Lundi matin, hasard du calendrier selon le gouvernement, la ministre des Transports, Elisabeth Borne, a présenté un projet de loi qui propose des aides à la mobilité durable, en faveur du vélo, de la voiture électrique ou encore du covoiturage.
Pour réduire la pollution, le gouvernement a annoncé l’élargissement du chèque énergie pour aider les ménages modestes ou encore la super prime à la conversion, ou l’exclusion des péages urbains du projet de loi pour ne pas « accentuer les fractures entre territoires ».
Ces annonces n’ont pas entamé la mobilisation des « gilets jaunes », qui menaient lundi encore plusieurs blocages, après un week-end de mobilisations parfois émaillées de violences et dénoncées par l’exécutif qui pointe du doigt l’ultradroite, voire comme Gérald Darmanin « la peste brune ».
Benjamin Griveaux a fustigé une minorité d' »extrême droite identitaire » qui, selon lui, a « usurpé l’identité des gilets jaunes », scandant des slogans comme: « On est chez nous ».
Il a par ailleurs assuré que le gouvernement est « ouvert » à une rencontre avec des représentants du mouvement, qui a créé une « délégation » de huit « communicants officiels » pour engager une « prise de contact sérieuse et nécessaire » avec les autorités.
Ces « huit citoyens », « apolitiques », dont deux des initiateurs du mouvement, demandent aussi bien la suppression du Sénat que la baisse des charges patronales ou une hausse du smic et des retraites.
A quelques semaines de Noël, patrons, commerçants et artisans pressent le gouvernement de prendre des mesures rapides pour les soutenir.
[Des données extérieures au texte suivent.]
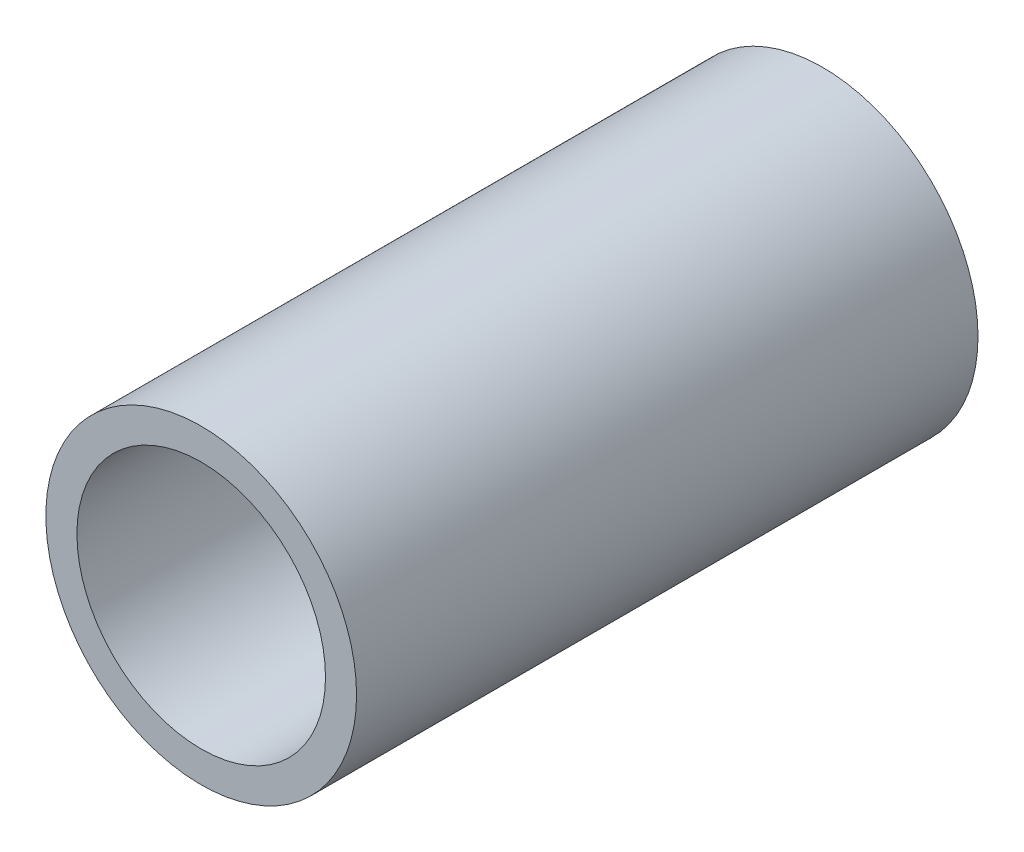
ISO-10303-21;
HEADER;
FILE_DESCRIPTION(('STEP AP214'),'2;1');
FILE_NAME('part.step','',(''),(''),'','','');
FILE_SCHEMA(('AUTOMOTIVE_DESIGN { 1 0 10303 214 1 1 1 1 }'));
ENDSEC;
DATA;
#1=APPLICATION_CONTEXT('core data for automotive mechanical design processes');
#2=APPLICATION_PROTOCOL_DEFINITION('international standard','automotive_design',2000,#1);
#3=PRODUCT_CONTEXT('',#1,'mechanical');
#4=PRODUCT('Part','Part','',(#3));
#5=PRODUCT_RELATED_PRODUCT_CATEGORY('part','',(#4));
#6=PRODUCT_DEFINITION_FORMATION('','',#4);
#7=PRODUCT_DEFINITION_CONTEXT('part definition',#1,'design');
#8=PRODUCT_DEFINITION('design','',#6,#7);
#9=PRODUCT_DEFINITION_SHAPE('','',#8);
#10=(LENGTH_UNIT() NAMED_UNIT(*) SI_UNIT(.MILLI.,.METRE.));
#11=(NAMED_UNIT(*) PLANE_ANGLE_UNIT() SI_UNIT($,.RADIAN.));
#12=(NAMED_UNIT(*) SI_UNIT($,.STERADIAN.) SOLID_ANGLE_UNIT());
#13=UNCERTAINTY_MEASURE_WITH_UNIT(LENGTH_MEASURE(1.E-05),#10,'distance_accuracy_value','');
#14=(GEOMETRIC_REPRESENTATION_CONTEXT(3) GLOBAL_UNCERTAINTY_ASSIGNED_CONTEXT((#13)) GLOBAL_UNIT_ASSIGNED_CONTEXT((#10,
#11,#12)) REPRESENTATION_CONTEXT('',''));
#15=CARTESIAN_POINT('',(0.,0.,0.));
#16=DIRECTION('',(0.,0.,1.));
#17=DIRECTION('',(1.,0.,0.));
#18=AXIS2_PLACEMENT_3D('',#15,#16,#17);
#19=CARTESIAN_POINT('',(0.,0.,5.));
#20=DIRECTION('',(0.,0.,1.));
#21=DIRECTION('',(1.,0.,0.));
#22=AXIS2_PLACEMENT_3D('',#19,#20,#21);
#23=PLANE('',#22);
#24=CARTESIAN_POINT('',(0.,0.,5.));
#25=DIRECTION('',(0.,0.,1.));
#26=DIRECTION('',(1.,0.,0.));
#27=AXIS2_PLACEMENT_3D('',#24,#25,#26);
#28=CIRCLE('',#27,1.25);
#29=CARTESIAN_POINT('',(1.25,0.,5.));
#30=VERTEX_POINT('',#29);
#31=EDGE_CURVE('E10',#30,#30,#28,.T.);
#32=ORIENTED_EDGE('',*,*,#31,.T.);
#33=EDGE_LOOP('',(#32));
#34=FACE_BOUND('',#33,.T.);
#35=CARTESIAN_POINT('',(0.,0.,5.));
#36=DIRECTION('',(0.,0.,1.));
#37=DIRECTION('',(1.,0.,0.));
#38=AXIS2_PLACEMENT_3D('',#35,#36,#37);
#39=CIRCLE('',#38,0.999999999999999);
#40=CARTESIAN_POINT('',(0.999999999999999,0.,5.));
#41=VERTEX_POINT('',#40);
#42=EDGE_CURVE('E42',#41,#41,#39,.T.);
#43=ORIENTED_EDGE('',*,*,#42,.F.);
#44=EDGE_LOOP('',(#43));
#45=FACE_BOUND('',#44,.T.);
#46=ADVANCED_FACE('F31',(#34,#45),#23,.T.);
#47=CARTESIAN_POINT('',(0.,0.,0.));
#48=DIRECTION('',(0.,0.,1.));
#49=DIRECTION('',(1.,0.,0.));
#50=AXIS2_PLACEMENT_3D('',#47,#48,#49);
#51=PLANE('',#50);
#52=CARTESIAN_POINT('',(0.,0.,0.));
#53=DIRECTION('',(0.,0.,1.));
#54=DIRECTION('',(1.,0.,0.));
#55=AXIS2_PLACEMENT_3D('',#52,#53,#54);
#56=CIRCLE('',#55,1.25);
#57=CARTESIAN_POINT('',(1.25,0.,0.));
#58=VERTEX_POINT('',#57);
#59=EDGE_CURVE('E35',#58,#58,#56,.T.);
#60=ORIENTED_EDGE('',*,*,#59,.F.);
#61=EDGE_LOOP('',(#60));
#62=FACE_BOUND('',#61,.T.);
#63=CARTESIAN_POINT('',(0.,0.,0.));
#64=DIRECTION('',(0.,0.,1.));
#65=DIRECTION('',(1.,0.,0.));
#66=AXIS2_PLACEMENT_3D('',#63,#64,#65);
#67=CIRCLE('',#66,0.999999999999999);
#68=CARTESIAN_POINT('',(0.999999999999999,0.,0.));
#69=VERTEX_POINT('',#68);
#70=EDGE_CURVE('E44',#69,#69,#67,.T.);
#71=ORIENTED_EDGE('',*,*,#70,.T.);
#72=EDGE_LOOP('',(#71));
#73=FACE_BOUND('',#72,.T.);
#74=ADVANCED_FACE('F54',(#62,#73),#51,.F.);
#75=CARTESIAN_POINT('',(0.,0.,5.));
#76=DIRECTION('',(0.,0.,-1.));
#77=DIRECTION('',(-1.,0.,0.));
#78=AXIS2_PLACEMENT_3D('',#75,#76,#77);
#79=CYLINDRICAL_SURFACE('',#78,1.25);
#80=ORIENTED_EDGE('',*,*,#31,.F.);
#81=EDGE_LOOP('',(#80));
#82=FACE_BOUND('',#81,.T.);
#83=ORIENTED_EDGE('',*,*,#59,.T.);
#84=EDGE_LOOP('',(#83));
#85=FACE_BOUND('',#84,.T.);
#86=ADVANCED_FACE('F33',(#82,#85),#79,.T.);
#87=CARTESIAN_POINT('',(0.,0.,5.));
#88=DIRECTION('',(0.,0.,-1.));
#89=DIRECTION('',(-1.,0.,0.));
#90=AXIS2_PLACEMENT_3D('',#87,#88,#89);
#91=CYLINDRICAL_SURFACE('',#90,0.999999999999999);
#92=ORIENTED_EDGE('',*,*,#42,.T.);
#93=EDGE_LOOP('',(#92));
#94=FACE_BOUND('',#93,.T.);
#95=ORIENTED_EDGE('',*,*,#70,.F.);
#96=EDGE_LOOP('',(#95));
#97=FACE_BOUND('',#96,.T.);
#98=ADVANCED_FACE('F50',(#94,#97),#91,.F.);
#99=CLOSED_SHELL('',(#46,#74,#86,#98));
#100=MANIFOLD_SOLID_BREP('B2',#99);
#101=ADVANCED_BREP_SHAPE_REPRESENTATION('',(#18,#100),#14);
#102=SHAPE_DEFINITION_REPRESENTATION(#9,#101);
ENDSEC;
END-ISO-10303-21;
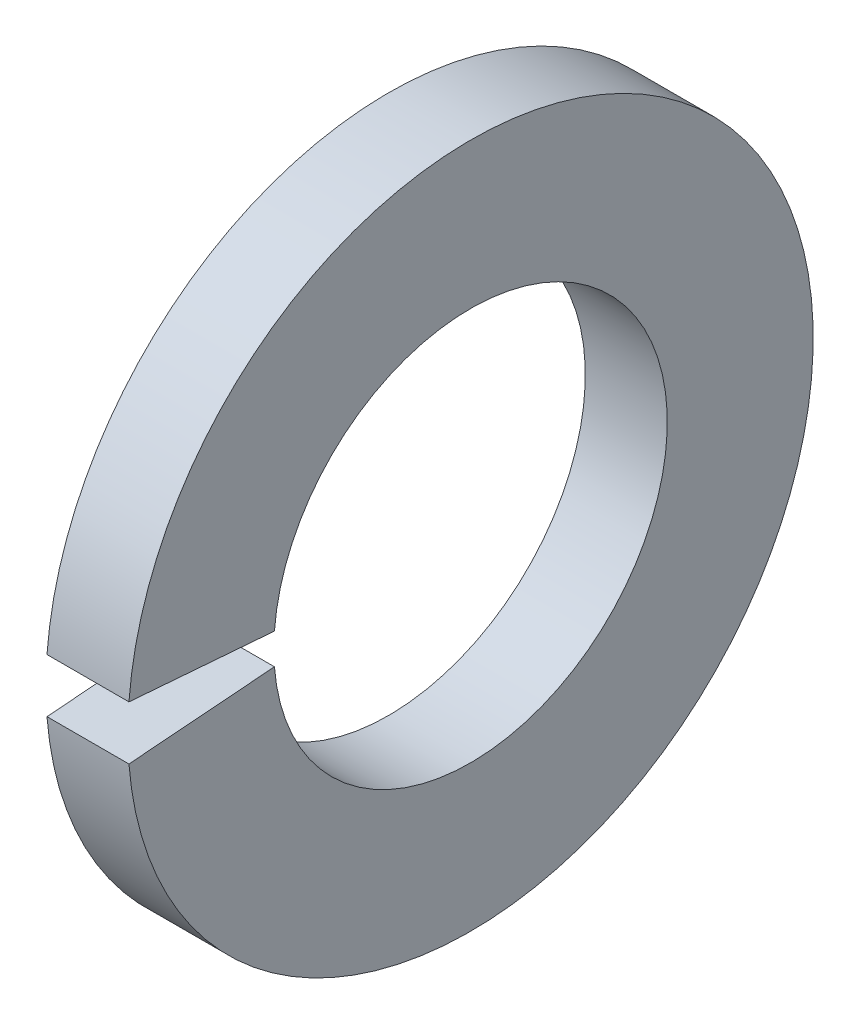
ISO-10303-21;
HEADER;
FILE_DESCRIPTION(('STEP AP214'),'2;1');
FILE_NAME('part.step','',(''),(''),'','','');
FILE_SCHEMA(('AUTOMOTIVE_DESIGN { 1 0 10303 214 1 1 1 1 }'));
ENDSEC;
DATA;
#1=APPLICATION_CONTEXT('core data for automotive mechanical design processes');
#2=APPLICATION_PROTOCOL_DEFINITION('international standard','automotive_design',2000,#1);
#3=PRODUCT_CONTEXT('',#1,'mechanical');
#4=PRODUCT('Part','Part','',(#3));
#5=PRODUCT_RELATED_PRODUCT_CATEGORY('part','',(#4));
#6=PRODUCT_DEFINITION_FORMATION('','',#4);
#7=PRODUCT_DEFINITION_CONTEXT('part definition',#1,'design');
#8=PRODUCT_DEFINITION('design','',#6,#7);
#9=PRODUCT_DEFINITION_SHAPE('','',#8);
#10=(LENGTH_UNIT() NAMED_UNIT(*) SI_UNIT(.MILLI.,.METRE.));
#11=(NAMED_UNIT(*) PLANE_ANGLE_UNIT() SI_UNIT($,.RADIAN.));
#12=(NAMED_UNIT(*) SI_UNIT($,.STERADIAN.) SOLID_ANGLE_UNIT());
#13=UNCERTAINTY_MEASURE_WITH_UNIT(LENGTH_MEASURE(1.E-05),#10,'distance_accuracy_value','');
#14=(GEOMETRIC_REPRESENTATION_CONTEXT(3) GLOBAL_UNCERTAINTY_ASSIGNED_CONTEXT((#13)) GLOBAL_UNIT_ASSIGNED_CONTEXT((#10,
#11,#12)) REPRESENTATION_CONTEXT('',''));
#15=CARTESIAN_POINT('',(0.,0.,0.));
#16=DIRECTION('',(0.,0.,1.));
#17=DIRECTION('',(1.,0.,0.));
#18=AXIS2_PLACEMENT_3D('',#15,#16,#17);
#19=CARTESIAN_POINT('',(-34.9249999999999,0.,0.));
#20=DIRECTION('',(-1.,0.,0.));
#21=DIRECTION('',(0.,0.,1.));
#22=AXIS2_PLACEMENT_3D('',#19,#20,#21);
#23=CYLINDRICAL_SURFACE('',#22,1.524);
#24=CARTESIAN_POINT('',(0.,0.,0.));
#25=DIRECTION('',(-1.,0.,0.));
#26=DIRECTION('',(0.,0.,1.));
#27=AXIS2_PLACEMENT_3D('',#24,#25,#26);
#28=CIRCLE('',#27,1.524);
#29=CARTESIAN_POINT('',(0.,0.119571661889237,1.51930201660929));
#30=VERTEX_POINT('',#29);
#31=CARTESIAN_POINT('',(0.,-0.119571661889237,1.51930201660929));
#32=VERTEX_POINT('',#31);
#33=EDGE_CURVE('E81',#30,#32,#28,.T.);
#34=ORIENTED_EDGE('',*,*,#33,.F.);
#35=DIRECTION('',(-1.,0.,0.));
#36=VECTOR('',#35,1.);
#37=CARTESIAN_POINT('',(-34.9249999999999,0.119571661889237,1.51930201660929));
#38=LINE('',#37,#36);
#39=CARTESIAN_POINT('',(-0.635,0.119571661889237,1.51930201660929));
#40=VERTEX_POINT('',#39);
#41=EDGE_CURVE('E103',#30,#40,#38,.T.);
#42=ORIENTED_EDGE('',*,*,#41,.T.);
#43=CARTESIAN_POINT('',(-0.634999999999997,0.,0.));
#44=DIRECTION('',(-1.,0.,0.));
#45=DIRECTION('',(0.,0.,1.));
#46=AXIS2_PLACEMENT_3D('',#43,#44,#45);
#47=CIRCLE('',#46,1.524);
#48=CARTESIAN_POINT('',(-0.634999999999997,-0.119571661889237,1.51930201660929));
#49=VERTEX_POINT('',#48);
#50=EDGE_CURVE('E83',#40,#49,#47,.T.);
#51=ORIENTED_EDGE('',*,*,#50,.T.);
#52=DIRECTION('',(-1.,0.,0.));
#53=VECTOR('',#52,1.);
#54=CARTESIAN_POINT('',(-34.9249999999999,-0.119571661889237,1.51930201660929));
#55=LINE('',#54,#53);
#56=EDGE_CURVE('E44',#32,#49,#55,.T.);
#57=ORIENTED_EDGE('',*,*,#56,.F.);
#58=EDGE_LOOP('',(#34,#42,#51,#57));
#59=FACE_BOUND('',#58,.T.);
#60=ADVANCED_FACE('F15',(#59),#23,.F.);
#61=CARTESIAN_POINT('',(0.,1.524,0.));
#62=DIRECTION('',(-1.,0.,0.));
#63=DIRECTION('',(0.,0.,1.));
#64=AXIS2_PLACEMENT_3D('',#61,#62,#63);
#65=PLANE('',#64);
#66=CARTESIAN_POINT('',(0.,0.,0.));
#67=DIRECTION('',(-1.,0.,0.));
#68=DIRECTION('',(0.,0.,1.));
#69=AXIS2_PLACEMENT_3D('',#66,#67,#68);
#70=CIRCLE('',#69,2.6543);
#71=CARTESIAN_POINT('',(0.,0.208253977790421,2.64611767892784));
#72=VERTEX_POINT('',#71);
#73=CARTESIAN_POINT('',(0.,-0.208253977790421,2.64611767892784));
#74=VERTEX_POINT('',#73);
#75=EDGE_CURVE('E89',#72,#74,#70,.T.);
#76=ORIENTED_EDGE('',*,*,#75,.F.);
#77=DIRECTION('',(0.,0.0784590957278456,0.996917333733128));
#78=VECTOR('',#77,1.);
#79=CARTESIAN_POINT('',(0.,0.,0.));
#80=LINE('',#79,#78);
#81=EDGE_CURVE('E75',#30,#72,#80,.T.);
#82=ORIENTED_EDGE('',*,*,#81,.F.);
#83=ORIENTED_EDGE('',*,*,#33,.T.);
#84=DIRECTION('',(0.,-0.0784590957278456,0.996917333733128));
#85=VECTOR('',#84,1.);
#86=CARTESIAN_POINT('',(0.,0.,0.));
#87=LINE('',#86,#85);
#88=EDGE_CURVE('E66',#32,#74,#87,.T.);
#89=ORIENTED_EDGE('',*,*,#88,.T.);
#90=EDGE_LOOP('',(#76,#82,#83,#89));
#91=FACE_BOUND('',#90,.T.);
#92=ADVANCED_FACE('F87',(#91),#65,.F.);
#93=CARTESIAN_POINT('',(-34.9249999999999,0.,0.));
#94=DIRECTION('',(-1.,0.,0.));
#95=DIRECTION('',(0.,0.,1.));
#96=AXIS2_PLACEMENT_3D('',#93,#94,#95);
#97=CYLINDRICAL_SURFACE('',#96,2.6543);
#98=CARTESIAN_POINT('',(-0.634999999999997,0.,0.));
#99=DIRECTION('',(-1.,0.,0.));
#100=DIRECTION('',(0.,0.,1.));
#101=AXIS2_PLACEMENT_3D('',#98,#99,#100);
#102=CIRCLE('',#101,2.6543);
#103=CARTESIAN_POINT('',(-0.634999999999997,0.208253977790421,2.64611767892784));
#104=VERTEX_POINT('',#103);
#105=CARTESIAN_POINT('',(-0.635,-0.208253977790421,2.64611767892784));
#106=VERTEX_POINT('',#105);
#107=EDGE_CURVE('E95',#104,#106,#102,.T.);
#108=ORIENTED_EDGE('',*,*,#107,.F.);
#109=DIRECTION('',(-1.,0.,0.));
#110=VECTOR('',#109,1.);
#111=CARTESIAN_POINT('',(-34.9249999999999,0.208253977790421,2.64611767892784));
#112=LINE('',#111,#110);
#113=EDGE_CURVE('E35',#104,#72,#112,.F.);
#114=ORIENTED_EDGE('',*,*,#113,.T.);
#115=ORIENTED_EDGE('',*,*,#75,.T.);
#116=DIRECTION('',(-1.,0.,0.));
#117=VECTOR('',#116,1.);
#118=CARTESIAN_POINT('',(-34.9249999999999,-0.208253977790421,2.64611767892784));
#119=LINE('',#118,#117);
#120=EDGE_CURVE('E69',#106,#74,#119,.F.);
#121=ORIENTED_EDGE('',*,*,#120,.F.);
#122=EDGE_LOOP('',(#108,#114,#115,#121));
#123=FACE_BOUND('',#122,.T.);
#124=ADVANCED_FACE('F114',(#123),#97,.T.);
#125=CARTESIAN_POINT('',(-0.634999999999998,2.6543,0.));
#126=DIRECTION('',(1.,0.,0.));
#127=DIRECTION('',(0.,0.,-1.));
#128=AXIS2_PLACEMENT_3D('',#125,#126,#127);
#129=PLANE('',#128);
#130=ORIENTED_EDGE('',*,*,#50,.F.);
#131=DIRECTION('',(0.,0.0784590957278456,0.996917333733128));
#132=VECTOR('',#131,1.);
#133=CARTESIAN_POINT('',(-0.634999999999998,0.0163394187791635,0.207612000278144));
#134=LINE('',#133,#132);
#135=EDGE_CURVE('E10',#40,#104,#134,.T.);
#136=ORIENTED_EDGE('',*,*,#135,.T.);
#137=ORIENTED_EDGE('',*,*,#107,.T.);
#138=DIRECTION('',(0.,-0.0784590957278456,0.996917333733128));
#139=VECTOR('',#138,1.);
#140=CARTESIAN_POINT('',(-0.634999999999998,0.0163394187791635,-0.207612000278144));
#141=LINE('',#140,#139);
#142=EDGE_CURVE('E23',#49,#106,#141,.T.);
#143=ORIENTED_EDGE('',*,*,#142,.F.);
#144=EDGE_LOOP('',(#130,#136,#137,#143));
#145=FACE_BOUND('',#144,.T.);
#146=ADVANCED_FACE('F116',(#145),#129,.F.);
#147=CARTESIAN_POINT('',(-0.635,0.,0.));
#148=DIRECTION('',(0.,0.996917333733128,0.0784590957278456));
#149=DIRECTION('',(0.,-0.0784590957278456,0.996917333733128));
#150=AXIS2_PLACEMENT_3D('',#147,#148,#149);
#151=PLANE('',#150);
#152=ORIENTED_EDGE('',*,*,#56,.T.);
#153=ORIENTED_EDGE('',*,*,#142,.T.);
#154=ORIENTED_EDGE('',*,*,#120,.T.);
#155=ORIENTED_EDGE('',*,*,#88,.F.);
#156=EDGE_LOOP('',(#152,#153,#154,#155));
#157=FACE_BOUND('',#156,.T.);
#158=ADVANCED_FACE('F67',(#157),#151,.T.);
#159=CARTESIAN_POINT('',(-0.635,0.,0.));
#160=DIRECTION('',(0.,0.996917333733128,-0.0784590957278456));
#161=DIRECTION('',(0.,0.0784590957278456,0.996917333733128));
#162=AXIS2_PLACEMENT_3D('',#159,#160,#161);
#163=PLANE('',#162);
#164=ORIENTED_EDGE('',*,*,#81,.T.);
#165=ORIENTED_EDGE('',*,*,#113,.F.);
#166=ORIENTED_EDGE('',*,*,#135,.F.);
#167=ORIENTED_EDGE('',*,*,#41,.F.);
#168=EDGE_LOOP('',(#164,#165,#166,#167));
#169=FACE_BOUND('',#168,.T.);
#170=ADVANCED_FACE('F111',(#169),#163,.F.);
#171=CLOSED_SHELL('',(#60,#92,#124,#146,#158,#170));
#172=MANIFOLD_SOLID_BREP('B1',#171);
#173=ADVANCED_BREP_SHAPE_REPRESENTATION('',(#18,#172),#14);
#174=SHAPE_DEFINITION_REPRESENTATION(#9,#173);
ENDSEC;
END-ISO-10303-21;

Selon de premières évaluations du ministère de l’Economie, « les baisses de chiffre d’affaires peuvent atteindre 60 % à 70 % pour certains artisans bouchers, coiffeurs ou boulangers ».
Emmanuel Macron doit installer mardi un « Haut Conseil pour le climat », composé de 13 experts et scientifiques, décrié avant même d’être lancé.
Sur le terrain, certains « gilets jaunes » envisagent déjà un acte III le 1er décembre. « Si le gouvernement ne répond pas concrètement, on va avoir un mouvement encore plus fort », a mis en garde Jose Espinoza, coordinateur des « gilets jaunes » à Montreuil.
Pour le politologue Frédéric Dabi, « ce mouvement des ‘gilets jaunes’ (…) enracine ce quinquennat dans une bataille pour le pouvoir d’achat ». « C’est un mouvement qu’on va retrouver (…) dans les mois, dans les années qui viennent », prophétise le sociologue Alexis Spire.
« Cette révolte fiscale risque de tourner à la crise démocratique », a estimé le chef de file des sénateurs Les Républicains, Bruno Retailleau.
La présidente du Rassemblement national, Marine Le Pen, a exigé un « moratoire » sur les hausses de taxes et une augmentation des salaires. Pour La France insoumise, Alexis Corbière a de nouveau réclamé, lundi sur franceinfo, le rétablissement de l’impôt sur la fortune et de soumettre à référendum les propositions d’Emmanuel Macron.